On Aug 7, 2020, at 12:21 PM, Linus Torvalds torvalds@linux-foundation.org wrote:
On Fri, Aug 7, 2020 at 12:08 PM Andy Lutomirski luto@amacapital.net wrote:
4 cycles per byte on Core 2
I took the reference C implementation as-is, and just compiled it with O2, so my numbers may not be what some heavily optimized case does.
But it was way more than that, even when amortizing for "only need to do it every 8 cases". I think the 4 cycles/byte might be some "zero branch mispredicts" case when you've fully unrolled the thing, but then you'll be taking I$ misses out of the wazoo, since by definition this won't be in your L1 I$ at all (only called every 8 times).
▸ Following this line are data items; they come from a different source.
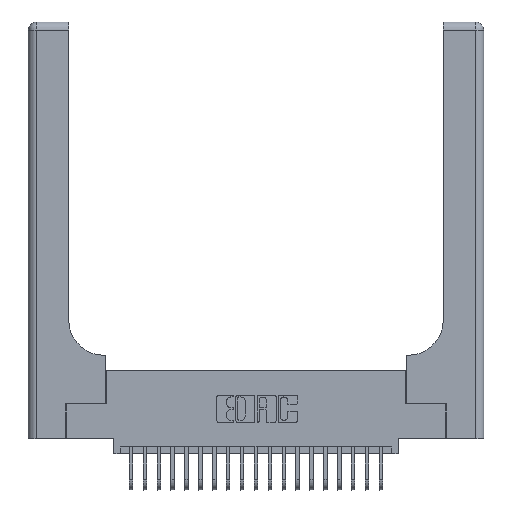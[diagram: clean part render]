
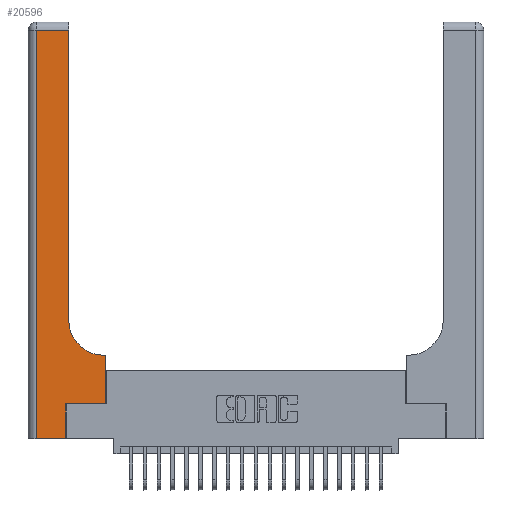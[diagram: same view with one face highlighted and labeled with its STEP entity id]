
A CAD part, top view. The second image highlights one B-rep face of the part: STEP entity #20596.
In plain terms, the highlighted planar face has unit normal (0, 0, 1).
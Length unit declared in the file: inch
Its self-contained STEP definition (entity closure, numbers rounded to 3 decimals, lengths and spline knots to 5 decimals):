
#389 = LINE ( 'NONE', #17466, #10810 ) ;
#874 = LINE ( 'NONE', #3655, #6151 ) ;
#1606 = DIRECTION ( 'NONE',  ( 1., 0., 0. ) ) ;
#1657 = VECTOR ( 'NONE', #1606, 39.37008 ) ;
#1772 = ORIENTED_EDGE ( 'NONE', *, *, #3716, .T. ) ;
#2353 = CARTESIAN_POINT ( 'NONE',  ( 0., 3., 0.37 ) ) ;
#2621 = CARTESIAN_POINT ( 'NONE',  ( 0.5415, 0.6, 0.37 ) ) ;
#3188 = AXIS2_PLACEMENT_3D ( 'NONE', #8349, #21773, #10280 ) ;
#3231 = AXIS2_PLACEMENT_3D ( 'NONE', #2353, #17876, #6325 ) ;
#3542 = CARTESIAN_POINT ( 'NONE',  ( 0.269, 0.25, 0.37 ) ) ;
#3655 = CARTESIAN_POINT ( 'NONE',  ( 0., 2.94, 0.37 ) ) ;
#3716 = EDGE_CURVE ( 'NONE', #19481, #14857, #874, .T. ) ;
#3821 = CARTESIAN_POINT ( 'NONE',  ( 0.2915, 2.94, 0.37 ) ) ;
#4061 = EDGE_CURVE ( 'NONE', #19603, #11622, #14929, .T. ) ;
#4234 = ORIENTED_EDGE ( 'NONE', *, *, #17529, .T. ) ;
#5065 = LINE ( 'NONE', #23304, #18648 ) ;
#5627 = ORIENTED_EDGE ( 'NONE', *, *, #24323, .T. ) ;
#5897 = DIRECTION ( 'NONE',  ( 0., 1., 0. ) ) ;
#6016 = DIRECTION ( 'NONE',  ( 0., 1., 0. ) ) ;
#6151 = VECTOR ( 'NONE', #24728, 39.37008 ) ;
#6325 = DIRECTION ( 'NONE',  ( -1., 0., 0. ) ) ;
#6992 = CIRCLE ( 'NONE', #3188, 0.25 ) ;
#6996 = CARTESIAN_POINT ( 'NONE',  ( 0., 0., 0.37 ) ) ;
#7070 = CARTESIAN_POINT ( 'NONE',  ( 0.06, 0., 0.37 ) ) ;
#7309 = CARTESIAN_POINT ( 'NONE',  ( 0.06, 3., 0.37 ) ) ;
#8349 = CARTESIAN_POINT ( 'NONE',  ( 0.5415, 0.85, 0.37 ) ) ;
#8444 = ORIENTED_EDGE ( 'NONE', *, *, #23736, .T. ) ;
#8445 = ORIENTED_EDGE ( 'NONE', *, *, #11723, .T. ) ;
#9264 = DIRECTION ( 'NONE',  ( 0., -1., 0. ) ) ;
#10280 = DIRECTION ( 'NONE',  ( 1., 0., 0. ) ) ;
#10810 = VECTOR ( 'NONE', #5897, 39.37008 ) ;
#10860 = CARTESIAN_POINT ( 'NONE',  ( 0.5585, 0.6, 0.37 ) ) ;
#11461 = LINE ( 'NONE', #19225, #1657 ) ;
#11622 = VERTEX_POINT ( 'NONE', #10860 ) ;
#11629 = CARTESIAN_POINT ( 'NONE',  ( 0.2915, 0.6, 0.37 ) ) ;
#11723 = EDGE_CURVE ( 'NONE', #14857, #13580, #24671, .T. ) ;
#12312 = CARTESIAN_POINT ( 'NONE',  ( 0.5585, 0.25, 0.37 ) ) ;
#13580 = VERTEX_POINT ( 'NONE', #7070 ) ;
#13753 = VERTEX_POINT ( 'NONE', #3542 ) ;
#13770 = EDGE_CURVE ( 'NONE', #13753, #19603, #11461, .T. ) ;
#13943 = CARTESIAN_POINT ( 'NONE',  ( 0.5585, 0.25, 0.37 ) ) ;
#14053 = PLANE ( 'NONE',  #3231 ) ;
#14279 = DIRECTION ( 'NONE',  ( 0., 1., 0. ) ) ;
#14596 = VECTOR ( 'NONE', #9264, 39.37008 ) ;
#14857 = VERTEX_POINT ( 'NONE', #17798 ) ;
#14929 = LINE ( 'NONE', #12312, #15535 ) ;
#14994 = VERTEX_POINT ( 'NONE', #2621 ) ;
#15525 = DIRECTION ( 'NONE',  ( -1., 0., 0. ) ) ;
#15535 = VECTOR ( 'NONE', #14279, 39.37008 ) ;
#15809 = CARTESIAN_POINT ( 'NONE',  ( 0.269, 0., 0.37 ) ) ;
#15915 = ORIENTED_EDGE ( 'NONE', *, *, #13770, .T. ) ;
#16251 = FACE_OUTER_BOUND ( 'NONE', #19329, .T. ) ;
#17177 = VECTOR ( 'NONE', #15525, 39.37008 ) ;
#17193 = ORIENTED_EDGE ( 'NONE', *, *, #17901, .T. ) ;
#17342 = ORIENTED_EDGE ( 'NONE', *, *, #4061, .T. ) ;
#17466 = CARTESIAN_POINT ( 'NONE',  ( 0.269, 0., 0.37 ) ) ;
#17529 = EDGE_CURVE ( 'NONE', #13580, #19079, #20591, .T. ) ;
#17656 = VERTEX_POINT ( 'NONE', #24713 ) ;
#17798 = CARTESIAN_POINT ( 'NONE',  ( 0.06, 2.94, 0.37 ) ) ;
#17876 = DIRECTION ( 'NONE',  ( 0., 0., -1. ) ) ;
#17901 = EDGE_CURVE ( 'NONE', #14994, #17656, #6992, .T. ) ;
#18632 = DIRECTION ( 'NONE',  ( 1., 0., 0. ) ) ;
#18648 = VECTOR ( 'NONE', #6016, 39.37008 ) ;
#19079 = VERTEX_POINT ( 'NONE', #15809 ) ;
#19208 = ORIENTED_EDGE ( 'NONE', *, *, #23140, .T. ) ;
#19225 = CARTESIAN_POINT ( 'NONE',  ( 0.269, 0.25, 0.37 ) ) ;
#19329 = EDGE_LOOP ( 'NONE', ( #8444, #1772, #8445, #4234, #5627, #15915, #17342, #19208, #17193 ) ) ;
#19405 = VECTOR ( 'NONE', #18632, 39.37008 ) ;
#19481 = VERTEX_POINT ( 'NONE', #3821 ) ;
#19603 = VERTEX_POINT ( 'NONE', #13943 ) ;
#20591 = LINE ( 'NONE', #6996, #19405 ) ;
#20596 = ADVANCED_FACE ( 'NONE', ( #16251 ), #14053, .F. ) ;
#21657 = LINE ( 'NONE', #11629, #17177 ) ;
#21773 = DIRECTION ( 'NONE',  ( 0., 0., -1. ) ) ;
#23140 = EDGE_CURVE ( 'NONE', #11622, #14994, #21657, .T. ) ;
#23304 = CARTESIAN_POINT ( 'NONE',  ( 0.2915, 3., 0.37 ) ) ;
#23736 = EDGE_CURVE ( 'NONE', #17656, #19481, #5065, .T. ) ;
#24323 = EDGE_CURVE ( 'NONE', #19079, #13753, #389, .T. ) ;
#24671 = LINE ( 'NONE', #7309, #14596 ) ;
#24713 = CARTESIAN_POINT ( 'NONE',  ( 0.2915, 0.85, 0.37 ) ) ;
#24728 = DIRECTION ( 'NONE',  ( -1., 0., 0. ) ) ;
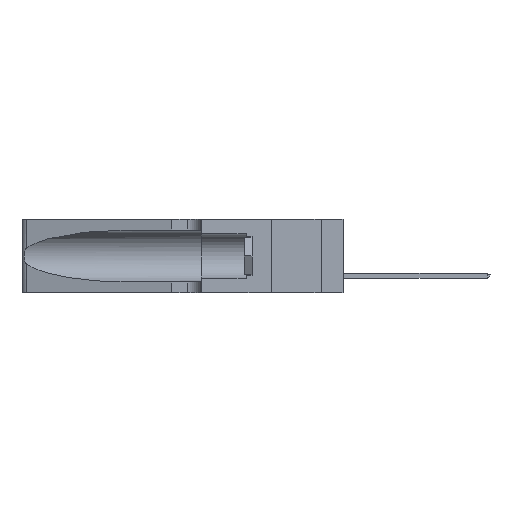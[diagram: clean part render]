
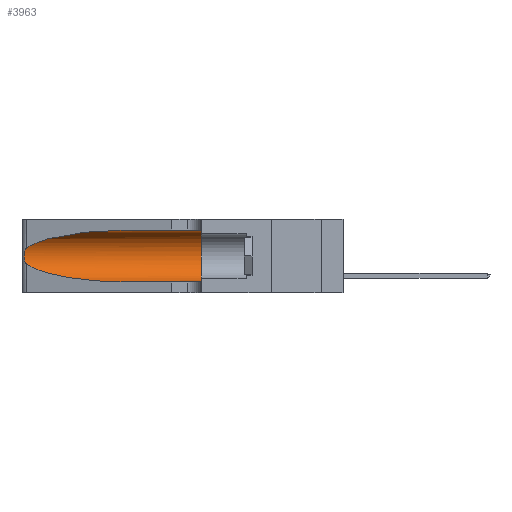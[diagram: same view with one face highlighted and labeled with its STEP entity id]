
A CAD part, left-side view. The second image highlights one B-rep face of the part: STEP entity #3963.
In plain terms, the highlighted cylindrical face has radius 3.308 mm (diameter 6.617 mm), a partial arc.
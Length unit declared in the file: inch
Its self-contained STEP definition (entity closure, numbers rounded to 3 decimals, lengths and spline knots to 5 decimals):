
#396 = EDGE_CURVE ( 'NONE', #38524, #24539, #14251, .T. ) ;
#1797 = CARTESIAN_POINT ( 'NONE',  ( 0.25487, 1.22718, 0.14631 ) ) ;
#2800 = CARTESIAN_POINT ( 'NONE',  ( 0.26075, 1.23896, 0.19203 ) ) ;
#2920 = CARTESIAN_POINT ( 'NONE',  ( 0.1305, 1.61858, 0.185 ) ) ;
#3237 = CARTESIAN_POINT ( 'NONE',  ( 0.25856, 1.23593, 0.16098 ) ) ;
#3963 = ADVANCED_FACE ( 'NONE', ( #13385 ), #41614, .F. ) ;
#4237 = ORIENTED_EDGE ( 'NONE', *, *, #36511, .T. ) ;
#4753 = AXIS2_PLACEMENT_3D ( 'NONE', #12754, #5941, #15994 ) ;
#4807 = EDGE_CURVE ( 'NONE', #24861, #30244, #32742, .T. ) ;
#4891 = VERTEX_POINT ( 'NONE', #17056 ) ;
#4984 = ORIENTED_EDGE ( 'NONE', *, *, #34148, .T. ) ;
#5194 = CARTESIAN_POINT ( 'NONE',  ( 0.1305, 1.61858, 0.31525 ) ) ;
#5941 = DIRECTION ( 'NONE',  ( 0., 1., 0. ) ) ;
#6520 = EDGE_CURVE ( 'NONE', #24539, #4891, #29349, .T. ) ;
#6740 = CARTESIAN_POINT ( 'NONE',  ( 0.1305, 1.61858, 0.05475 ) ) ;
#6982 = DIRECTION ( 'NONE',  ( 0., -1., 0. ) ) ;
#7854 = ORIENTED_EDGE ( 'NONE', *, *, #4807, .F. ) ;
#8304 = CARTESIAN_POINT ( 'NONE',  ( 0.25487, 1.22718, 0.22369 ) ) ;
#8596 = VERTEX_POINT ( 'NONE', #27850 ) ;
#8688 = LINE ( 'NONE', #5194, #43154 ) ;
#9538 = CARTESIAN_POINT ( 'NONE',  ( 0.25487, 1.22718, 0.22369 ) ) ;
#9672 = CARTESIAN_POINT ( 'NONE',  ( 0.26018, 1.23835, 0.19895 ) ) ;
#9881 = ORIENTED_EDGE ( 'NONE', *, *, #6520, .T. ) ;
#10867 = AXIS2_PLACEMENT_3D ( 'NONE', #2920, #39929, #19988 ) ;
#12754 = CARTESIAN_POINT ( 'NONE',  ( 0.1305, 0.35, 0.185 ) ) ;
#13385 = FACE_OUTER_BOUND ( 'NONE', #15106, .T. ) ;
#13511 = ORIENTED_EDGE ( 'NONE', *, *, #396, .T. ) ;
#14251 = B_SPLINE_CURVE_WITH_KNOTS ( 'NONE', 3,
 ( #9538, #23141, #19739, #22853, #16220, #9672, #2800, #39379, #42791, #3237, #22998, #26073, #42626, #39689 ),
 .UNSPECIFIED., .F., .F.,
 ( 4, 2, 2, 2, 2, 2, 4 ),
 ( 0., 0.00027, 0.00053, 0.00107, 0.0016, 0.00187, 0.00214 ),
 .UNSPECIFIED. ) ;
#15106 = EDGE_LOOP ( 'NONE', ( #4984, #13511, #9881, #4237, #7854, #20733 ) ) ;
#15994 = DIRECTION ( 'NONE',  ( 0., 0., 1. ) ) ;
#16220 = CARTESIAN_POINT ( 'NONE',  ( 0.25854, 1.2359, 0.20912 ) ) ;
#17056 = CARTESIAN_POINT ( 'NONE',  ( 0.1305, 0.72297, 0.05475 ) ) ;
#19317 = CARTESIAN_POINT ( 'NONE',  ( 0.1305, 0.72297, 0.31525 ) ) ;
#19739 = CARTESIAN_POINT ( 'NONE',  ( 0.25639, 1.23184, 0.21858 ) ) ;
#19988 = DIRECTION ( 'NONE',  ( 0., 0., -1. ) ) ;
#20292 = CARTESIAN_POINT ( 'NONE',  ( 0.2373, 1.15595, 0.08982 ) ) ;
#20733 = ORIENTED_EDGE ( 'NONE', *, *, #36253, .F. ) ;
#22853 = CARTESIAN_POINT ( 'NONE',  ( 0.25787, 1.23484, 0.2124 ) ) ;
#22998 = CARTESIAN_POINT ( 'NONE',  ( 0.25789, 1.23486, 0.15765 ) ) ;
#23141 = CARTESIAN_POINT ( 'NONE',  ( 0.25555, 1.22994, 0.2215 ) ) ;
#24539 = VERTEX_POINT ( 'NONE', #1797 ) ;
#24688 = CARTESIAN_POINT ( 'NONE',  ( 0.25487, 1.22718, 0.14631 ) ) ;
#24861 = VERTEX_POINT ( 'NONE', #40787 ) ;
#26073 = CARTESIAN_POINT ( 'NONE',  ( 0.25639, 1.23186, 0.15144 ) ) ;
#26856 = CARTESIAN_POINT ( 'NONE',  ( 0.1305, 0.72297, 0.05475 ) ) ;
#27850 = CARTESIAN_POINT ( 'NONE',  ( 0.1305, 0.72297, 0.31525 ) ) ;
#27918 = CARTESIAN_POINT ( 'NONE',  ( 0.1305, 0.35, 0.05475 ) ) ;
#27975 = VECTOR ( 'NONE', #6982, 39.37008 ) ;
#29349 =( BOUNDED_CURVE ( )  B_SPLINE_CURVE ( 3, ( #24688, #20292, #38924, #26856 ),
 .UNSPECIFIED., .F., .T. ) 
 B_SPLINE_CURVE_WITH_KNOTS ( ( 4, 4 ),
 ( 3.44316, 4.71239 ),
 .UNSPECIFIED. ) 
 CURVE ( )  GEOMETRIC_REPRESENTATION_ITEM ( )  RATIONAL_B_SPLINE_CURVE ( ( 1., 0.87, 0.87, 1. ) ) 
 REPRESENTATION_ITEM ( '' )  );
#29555 = LINE ( 'NONE', #6740, #27975 ) ;
#30244 = VERTEX_POINT ( 'NONE', #27918 ) ;
#32742 = CIRCLE ( 'NONE', #4753, 0.13025 ) ;
#33059 = DIRECTION ( 'NONE',  ( 0., -1., 0. ) ) ;
#34148 = EDGE_CURVE ( 'NONE', #8596, #38524, #34375, .T. ) ;
#34375 =( BOUNDED_CURVE ( )  B_SPLINE_CURVE ( 3, ( #19317, #39109, #43080, #42485 ),
 .UNSPECIFIED., .F., .T. ) 
 B_SPLINE_CURVE_WITH_KNOTS ( ( 4, 4 ),
 ( 1.5708, 2.84003 ),
 .UNSPECIFIED. ) 
 CURVE ( )  GEOMETRIC_REPRESENTATION_ITEM ( )  RATIONAL_B_SPLINE_CURVE ( ( 1., 0.87, 0.87, 1. ) ) 
 REPRESENTATION_ITEM ( '' )  );
#36253 = EDGE_CURVE ( 'NONE', #8596, #24861, #8688, .T. ) ;
#36511 = EDGE_CURVE ( 'NONE', #4891, #30244, #29555, .T. ) ;
#38524 = VERTEX_POINT ( 'NONE', #8304 ) ;
#38924 = CARTESIAN_POINT ( 'NONE',  ( 0.18966, 0.96281, 0.05475 ) ) ;
#39109 = CARTESIAN_POINT ( 'NONE',  ( 0.18966, 0.96281, 0.31525 ) ) ;
#39379 = CARTESIAN_POINT ( 'NONE',  ( 0.26075, 1.23896, 0.178 ) ) ;
#39689 = CARTESIAN_POINT ( 'NONE',  ( 0.25487, 1.22718, 0.14631 ) ) ;
#39929 = DIRECTION ( 'NONE',  ( 0., -1., 0. ) ) ;
#40787 = CARTESIAN_POINT ( 'NONE',  ( 0.1305, 0.35, 0.31525 ) ) ;
#41614 = CYLINDRICAL_SURFACE ( 'NONE', #10867, 0.13025 ) ;
#42485 = CARTESIAN_POINT ( 'NONE',  ( 0.25487, 1.22718, 0.22369 ) ) ;
#42626 = CARTESIAN_POINT ( 'NONE',  ( 0.25555, 1.22993, 0.14849 ) ) ;
#42791 = CARTESIAN_POINT ( 'NONE',  ( 0.26017, 1.23833, 0.17102 ) ) ;
#43080 = CARTESIAN_POINT ( 'NONE',  ( 0.2373, 1.15595, 0.28018 ) ) ;
#43154 = VECTOR ( 'NONE', #33059, 39.37008 ) ;
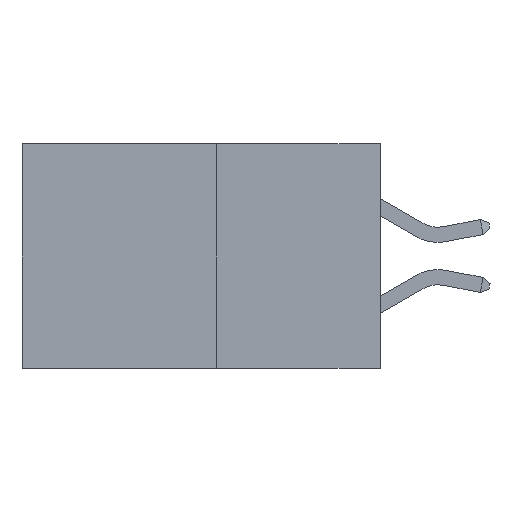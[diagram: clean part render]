
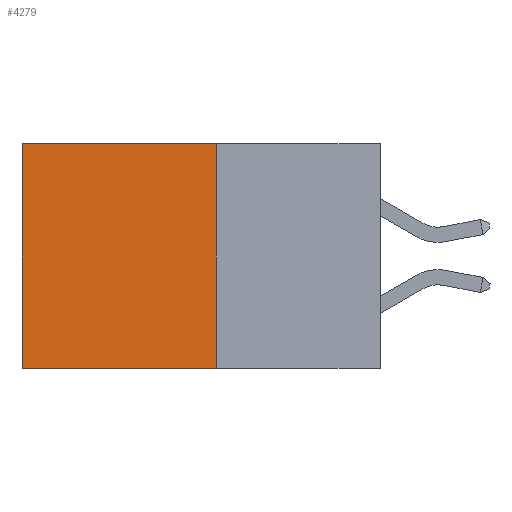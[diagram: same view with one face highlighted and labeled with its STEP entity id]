
A CAD part, left-side view. The second image highlights one B-rep face of the part: STEP entity #4279.
In plain terms, the highlighted planar face has unit normal (-1, 0, 0).
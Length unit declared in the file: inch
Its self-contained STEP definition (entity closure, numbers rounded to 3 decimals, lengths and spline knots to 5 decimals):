
#872 = CARTESIAN_POINT ( 'NONE',  ( 0.277, 0.59, -0.37 ) ) ;
#1199 = DIRECTION ( 'NONE',  ( 0., 1., 0. ) ) ;
#1509 = FACE_OUTER_BOUND ( 'NONE', #2745, .T. ) ;
#2101 = CARTESIAN_POINT ( 'NONE',  ( 0.277, 0.27, -0.37 ) ) ;
#2745 = EDGE_LOOP ( 'NONE', ( #4904, #23180, #14259, #20598 ) ) ;
#3377 = CARTESIAN_POINT ( 'NONE',  ( 0.277, 0.27, 0. ) ) ;
#3741 = DIRECTION ( 'NONE',  ( 0., 0., -1. ) ) ;
#3770 = DIRECTION ( 'NONE',  ( 1., 0., 0. ) ) ;
#3844 = VECTOR ( 'NONE', #23404, 39.37008 ) ;
#3867 = CARTESIAN_POINT ( 'NONE',  ( 0.277, 0.27, -0.37 ) ) ;
#4118 = PLANE ( 'NONE',  #13780 ) ;
#4279 = ADVANCED_FACE ( 'NONE', ( #1509 ), #4118, .F. ) ;
#4904 = ORIENTED_EDGE ( 'NONE', *, *, #13193, .T. ) ;
#5996 = CARTESIAN_POINT ( 'NONE',  ( 0.277, 0.59, -0.37 ) ) ;
#7904 = VERTEX_POINT ( 'NONE', #2101 ) ;
#8813 = VECTOR ( 'NONE', #11739, 39.37008 ) ;
#9161 = EDGE_CURVE ( 'NONE', #12079, #7904, #17776, .T. ) ;
#9397 = VECTOR ( 'NONE', #11592, 39.37008 ) ;
#9635 = VERTEX_POINT ( 'NONE', #21168 ) ;
#9808 = CARTESIAN_POINT ( 'NONE',  ( 0.277, 0.27, 0. ) ) ;
#10687 = CARTESIAN_POINT ( 'NONE',  ( 0.277, 0.27, -0.37 ) ) ;
#11136 = VECTOR ( 'NONE', #1199, 39.37008 ) ;
#11592 = DIRECTION ( 'NONE',  ( 0., 1., 0. ) ) ;
#11691 = LINE ( 'NONE', #17501, #11136 ) ;
#11739 = DIRECTION ( 'NONE',  ( 0., 0., -1. ) ) ;
#12079 = VERTEX_POINT ( 'NONE', #3377 ) ;
#13160 = EDGE_CURVE ( 'NONE', #12079, #9635, #18582, .T. ) ;
#13193 = EDGE_CURVE ( 'NONE', #9635, #19547, #13715, .T. ) ;
#13715 = LINE ( 'NONE', #872, #8813 ) ;
#13780 = AXIS2_PLACEMENT_3D ( 'NONE', #3867, #3770, #3741 ) ;
#14259 = ORIENTED_EDGE ( 'NONE', *, *, #9161, .F. ) ;
#17501 = CARTESIAN_POINT ( 'NONE',  ( 0.277, 0.27, -0.37 ) ) ;
#17776 = LINE ( 'NONE', #10687, #3844 ) ;
#18582 = LINE ( 'NONE', #9808, #9397 ) ;
#19547 = VERTEX_POINT ( 'NONE', #5996 ) ;
#20243 = EDGE_CURVE ( 'NONE', #7904, #19547, #11691, .T. ) ;
#20598 = ORIENTED_EDGE ( 'NONE', *, *, #13160, .T. ) ;
#21168 = CARTESIAN_POINT ( 'NONE',  ( 0.277, 0.59, 0. ) ) ;
#23180 = ORIENTED_EDGE ( 'NONE', *, *, #20243, .F. ) ;
#23404 = DIRECTION ( 'NONE',  ( 0., 0., -1. ) ) ;

Sure, it might look ok on microbenchmarks where it does stay hot the cache all the time, but that's not realistic. I
No one said we have to do only one ChaCha20 block per slow path hit. In fact, the more we reduce the number of rounds, the more time we spend on I$ misses, branch mispredictions, etc, so reducing rounds may be barking up the wrong tree entirely. We probably don’t want to have more than one page
I wonder if AES-NI adds any value here. AES-CTR is almost a drop-in replacement for ChaCha20, and maybe the performance for a cache-cold short run is better.